(Records from a data collection)
[Start of Attachment]
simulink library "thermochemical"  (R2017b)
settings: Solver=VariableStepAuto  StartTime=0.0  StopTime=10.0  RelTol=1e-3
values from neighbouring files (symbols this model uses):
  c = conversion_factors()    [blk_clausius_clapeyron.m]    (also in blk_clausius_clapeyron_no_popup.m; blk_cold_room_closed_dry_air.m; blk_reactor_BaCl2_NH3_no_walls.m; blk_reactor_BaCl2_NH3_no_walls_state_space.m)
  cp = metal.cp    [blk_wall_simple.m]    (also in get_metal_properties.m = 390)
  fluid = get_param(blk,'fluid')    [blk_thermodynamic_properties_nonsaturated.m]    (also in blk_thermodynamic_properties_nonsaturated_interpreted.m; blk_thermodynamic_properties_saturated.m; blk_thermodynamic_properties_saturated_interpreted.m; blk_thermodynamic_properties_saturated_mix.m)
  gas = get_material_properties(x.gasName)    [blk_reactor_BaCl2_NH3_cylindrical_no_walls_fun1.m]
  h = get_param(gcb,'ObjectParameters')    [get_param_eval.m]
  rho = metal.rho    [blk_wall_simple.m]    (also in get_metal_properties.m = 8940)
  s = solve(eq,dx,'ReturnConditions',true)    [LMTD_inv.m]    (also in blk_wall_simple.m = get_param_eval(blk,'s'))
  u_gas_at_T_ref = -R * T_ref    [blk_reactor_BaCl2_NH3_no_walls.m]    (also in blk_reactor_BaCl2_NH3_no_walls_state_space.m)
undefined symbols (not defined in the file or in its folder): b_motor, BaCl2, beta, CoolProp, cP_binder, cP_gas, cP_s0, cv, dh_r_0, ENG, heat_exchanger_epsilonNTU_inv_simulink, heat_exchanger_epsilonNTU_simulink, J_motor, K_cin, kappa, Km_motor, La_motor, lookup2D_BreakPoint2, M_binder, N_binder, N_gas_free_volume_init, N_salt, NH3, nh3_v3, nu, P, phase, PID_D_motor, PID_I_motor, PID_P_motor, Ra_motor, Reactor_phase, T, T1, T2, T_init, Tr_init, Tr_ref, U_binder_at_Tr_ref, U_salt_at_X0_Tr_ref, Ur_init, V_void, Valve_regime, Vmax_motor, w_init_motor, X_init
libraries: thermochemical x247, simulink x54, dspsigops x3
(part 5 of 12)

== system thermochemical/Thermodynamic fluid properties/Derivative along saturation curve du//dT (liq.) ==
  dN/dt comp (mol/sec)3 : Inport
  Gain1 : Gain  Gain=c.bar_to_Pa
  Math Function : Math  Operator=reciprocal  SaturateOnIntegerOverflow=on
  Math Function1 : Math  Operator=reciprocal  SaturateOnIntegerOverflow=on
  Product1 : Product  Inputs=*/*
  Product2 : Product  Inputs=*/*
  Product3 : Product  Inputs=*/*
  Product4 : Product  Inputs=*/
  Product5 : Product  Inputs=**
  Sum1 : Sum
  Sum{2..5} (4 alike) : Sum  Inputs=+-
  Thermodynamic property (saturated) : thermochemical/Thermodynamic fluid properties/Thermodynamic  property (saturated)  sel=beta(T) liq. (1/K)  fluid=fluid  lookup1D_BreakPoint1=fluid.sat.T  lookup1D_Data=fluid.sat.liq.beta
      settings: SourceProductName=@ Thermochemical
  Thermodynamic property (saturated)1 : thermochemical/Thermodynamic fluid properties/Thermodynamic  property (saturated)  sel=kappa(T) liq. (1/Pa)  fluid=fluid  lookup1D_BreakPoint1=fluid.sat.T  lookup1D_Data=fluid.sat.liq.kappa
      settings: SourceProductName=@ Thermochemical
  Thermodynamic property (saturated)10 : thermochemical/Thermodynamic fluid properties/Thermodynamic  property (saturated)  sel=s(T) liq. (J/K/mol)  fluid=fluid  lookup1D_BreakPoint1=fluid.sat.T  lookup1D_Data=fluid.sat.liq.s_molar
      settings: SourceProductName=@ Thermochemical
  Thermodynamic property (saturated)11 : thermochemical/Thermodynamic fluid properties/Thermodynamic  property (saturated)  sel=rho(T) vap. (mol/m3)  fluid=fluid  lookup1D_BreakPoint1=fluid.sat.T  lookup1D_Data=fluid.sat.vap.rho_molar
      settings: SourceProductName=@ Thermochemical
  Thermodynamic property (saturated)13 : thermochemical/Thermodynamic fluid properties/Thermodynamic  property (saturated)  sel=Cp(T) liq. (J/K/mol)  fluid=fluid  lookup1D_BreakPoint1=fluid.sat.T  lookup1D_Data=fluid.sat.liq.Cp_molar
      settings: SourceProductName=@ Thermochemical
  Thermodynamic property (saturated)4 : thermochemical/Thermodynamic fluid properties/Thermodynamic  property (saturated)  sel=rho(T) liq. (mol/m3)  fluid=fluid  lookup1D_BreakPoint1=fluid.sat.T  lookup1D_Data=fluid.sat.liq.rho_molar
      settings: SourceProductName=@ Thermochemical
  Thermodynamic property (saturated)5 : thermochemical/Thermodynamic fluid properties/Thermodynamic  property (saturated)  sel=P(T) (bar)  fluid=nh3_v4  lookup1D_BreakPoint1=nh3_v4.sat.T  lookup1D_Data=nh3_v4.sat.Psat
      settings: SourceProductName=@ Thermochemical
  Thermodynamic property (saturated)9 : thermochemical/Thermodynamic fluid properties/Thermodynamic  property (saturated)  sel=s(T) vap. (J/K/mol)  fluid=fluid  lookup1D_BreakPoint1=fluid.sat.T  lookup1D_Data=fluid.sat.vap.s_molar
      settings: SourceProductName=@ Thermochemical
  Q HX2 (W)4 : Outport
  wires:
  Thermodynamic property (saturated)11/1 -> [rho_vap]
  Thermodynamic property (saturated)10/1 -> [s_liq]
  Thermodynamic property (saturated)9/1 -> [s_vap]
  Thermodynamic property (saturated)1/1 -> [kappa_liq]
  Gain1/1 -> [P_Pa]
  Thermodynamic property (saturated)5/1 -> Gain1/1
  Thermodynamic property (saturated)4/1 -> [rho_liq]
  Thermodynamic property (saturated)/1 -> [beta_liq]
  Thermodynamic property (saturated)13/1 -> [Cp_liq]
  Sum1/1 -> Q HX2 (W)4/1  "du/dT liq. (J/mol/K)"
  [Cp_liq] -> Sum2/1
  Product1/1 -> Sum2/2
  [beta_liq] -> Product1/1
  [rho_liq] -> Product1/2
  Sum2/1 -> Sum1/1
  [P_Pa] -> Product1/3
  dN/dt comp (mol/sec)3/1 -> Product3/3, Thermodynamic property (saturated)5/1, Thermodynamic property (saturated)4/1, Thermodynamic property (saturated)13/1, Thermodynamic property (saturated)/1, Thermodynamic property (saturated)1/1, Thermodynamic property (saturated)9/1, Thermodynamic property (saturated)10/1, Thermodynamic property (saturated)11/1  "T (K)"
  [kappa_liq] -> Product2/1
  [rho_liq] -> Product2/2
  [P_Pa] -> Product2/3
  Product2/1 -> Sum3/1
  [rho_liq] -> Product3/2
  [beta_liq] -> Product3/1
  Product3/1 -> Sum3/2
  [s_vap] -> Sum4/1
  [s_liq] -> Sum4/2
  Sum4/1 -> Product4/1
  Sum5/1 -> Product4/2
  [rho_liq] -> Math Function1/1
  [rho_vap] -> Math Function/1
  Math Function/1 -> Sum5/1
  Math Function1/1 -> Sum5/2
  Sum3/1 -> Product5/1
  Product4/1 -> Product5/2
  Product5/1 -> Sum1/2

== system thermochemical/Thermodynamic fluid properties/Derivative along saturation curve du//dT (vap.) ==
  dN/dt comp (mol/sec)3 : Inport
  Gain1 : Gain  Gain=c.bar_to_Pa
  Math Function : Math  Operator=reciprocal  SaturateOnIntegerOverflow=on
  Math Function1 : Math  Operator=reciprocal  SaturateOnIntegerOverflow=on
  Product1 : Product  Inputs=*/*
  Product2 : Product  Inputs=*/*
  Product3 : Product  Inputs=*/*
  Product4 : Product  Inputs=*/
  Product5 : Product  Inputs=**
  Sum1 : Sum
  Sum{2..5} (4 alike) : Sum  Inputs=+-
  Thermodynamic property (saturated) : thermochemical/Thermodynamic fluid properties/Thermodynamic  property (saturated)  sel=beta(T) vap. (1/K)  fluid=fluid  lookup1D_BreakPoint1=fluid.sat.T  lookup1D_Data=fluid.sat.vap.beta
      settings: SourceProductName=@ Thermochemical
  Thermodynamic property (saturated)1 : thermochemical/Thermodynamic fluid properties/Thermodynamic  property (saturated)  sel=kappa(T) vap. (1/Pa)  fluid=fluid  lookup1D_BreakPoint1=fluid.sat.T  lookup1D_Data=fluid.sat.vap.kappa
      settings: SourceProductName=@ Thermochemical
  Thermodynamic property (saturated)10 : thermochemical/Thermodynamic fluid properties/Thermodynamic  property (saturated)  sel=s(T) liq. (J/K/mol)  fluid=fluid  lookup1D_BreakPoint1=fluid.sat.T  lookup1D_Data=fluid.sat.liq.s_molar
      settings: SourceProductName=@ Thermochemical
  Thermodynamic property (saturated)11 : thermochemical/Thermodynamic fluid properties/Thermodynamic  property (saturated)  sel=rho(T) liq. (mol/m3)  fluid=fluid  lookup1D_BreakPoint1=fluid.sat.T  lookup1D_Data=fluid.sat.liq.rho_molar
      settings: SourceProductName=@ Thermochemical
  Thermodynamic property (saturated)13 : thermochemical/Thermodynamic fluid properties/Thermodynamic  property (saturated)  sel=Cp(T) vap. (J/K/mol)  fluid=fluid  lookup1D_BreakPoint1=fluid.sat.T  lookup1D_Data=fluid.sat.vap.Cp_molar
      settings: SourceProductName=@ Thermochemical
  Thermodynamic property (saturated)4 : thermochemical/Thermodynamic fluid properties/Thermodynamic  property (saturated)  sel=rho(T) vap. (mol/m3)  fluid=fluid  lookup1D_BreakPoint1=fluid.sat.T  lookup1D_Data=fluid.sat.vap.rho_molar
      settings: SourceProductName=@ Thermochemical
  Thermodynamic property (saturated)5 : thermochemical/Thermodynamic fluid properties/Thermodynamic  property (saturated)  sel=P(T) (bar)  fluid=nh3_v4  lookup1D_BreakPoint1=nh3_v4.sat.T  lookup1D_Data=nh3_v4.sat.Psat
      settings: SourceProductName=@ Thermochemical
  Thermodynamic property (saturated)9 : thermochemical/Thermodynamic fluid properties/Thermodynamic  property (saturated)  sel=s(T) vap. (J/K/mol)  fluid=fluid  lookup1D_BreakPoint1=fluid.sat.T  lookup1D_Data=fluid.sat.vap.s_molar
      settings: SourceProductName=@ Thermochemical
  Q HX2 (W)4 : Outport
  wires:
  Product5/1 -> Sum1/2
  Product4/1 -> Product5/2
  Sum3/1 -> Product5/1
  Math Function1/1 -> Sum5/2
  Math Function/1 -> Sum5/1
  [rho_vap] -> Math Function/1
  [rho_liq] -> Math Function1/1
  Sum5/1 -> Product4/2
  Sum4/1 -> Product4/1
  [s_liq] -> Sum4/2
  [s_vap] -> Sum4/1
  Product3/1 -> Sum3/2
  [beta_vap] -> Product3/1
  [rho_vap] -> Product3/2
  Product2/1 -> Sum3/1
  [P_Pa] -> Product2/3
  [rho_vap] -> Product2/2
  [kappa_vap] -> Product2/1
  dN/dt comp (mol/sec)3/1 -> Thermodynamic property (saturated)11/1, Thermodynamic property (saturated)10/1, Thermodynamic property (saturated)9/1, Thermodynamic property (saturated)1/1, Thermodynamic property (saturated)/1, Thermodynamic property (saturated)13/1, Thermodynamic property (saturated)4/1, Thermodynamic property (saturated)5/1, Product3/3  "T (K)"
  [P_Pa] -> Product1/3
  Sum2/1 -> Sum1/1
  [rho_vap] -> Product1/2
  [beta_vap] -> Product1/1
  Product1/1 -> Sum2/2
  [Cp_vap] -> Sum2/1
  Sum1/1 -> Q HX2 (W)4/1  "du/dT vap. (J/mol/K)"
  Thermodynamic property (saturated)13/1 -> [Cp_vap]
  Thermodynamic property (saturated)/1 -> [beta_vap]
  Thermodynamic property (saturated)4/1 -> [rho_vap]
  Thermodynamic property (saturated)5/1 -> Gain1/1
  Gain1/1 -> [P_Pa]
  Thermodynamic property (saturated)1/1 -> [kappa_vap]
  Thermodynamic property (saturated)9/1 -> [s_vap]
[End of Attachment]
- Exercise goal -
Write out exactly the lines from the one with "Thermodynamic property (saturated)13/1 -> [Cp_vap]" through the end of the records above, both ends included, and leave out all other lines.

- Answer section -
  Thermodynamic property (saturated)13/1 -> [Cp_vap]
  Thermodynamic property (saturated)/1 -> [beta_vap]
  Thermodynamic property (saturated)4/1 -> [rho_vap]
  Thermodynamic property (saturated)5/1 -> Gain1/1
  Gain1/1 -> [P_Pa]
  Thermodynamic property (saturated)1/1 -> [kappa_vap]
  Thermodynamic property (saturated)9/1 -> [s_vap]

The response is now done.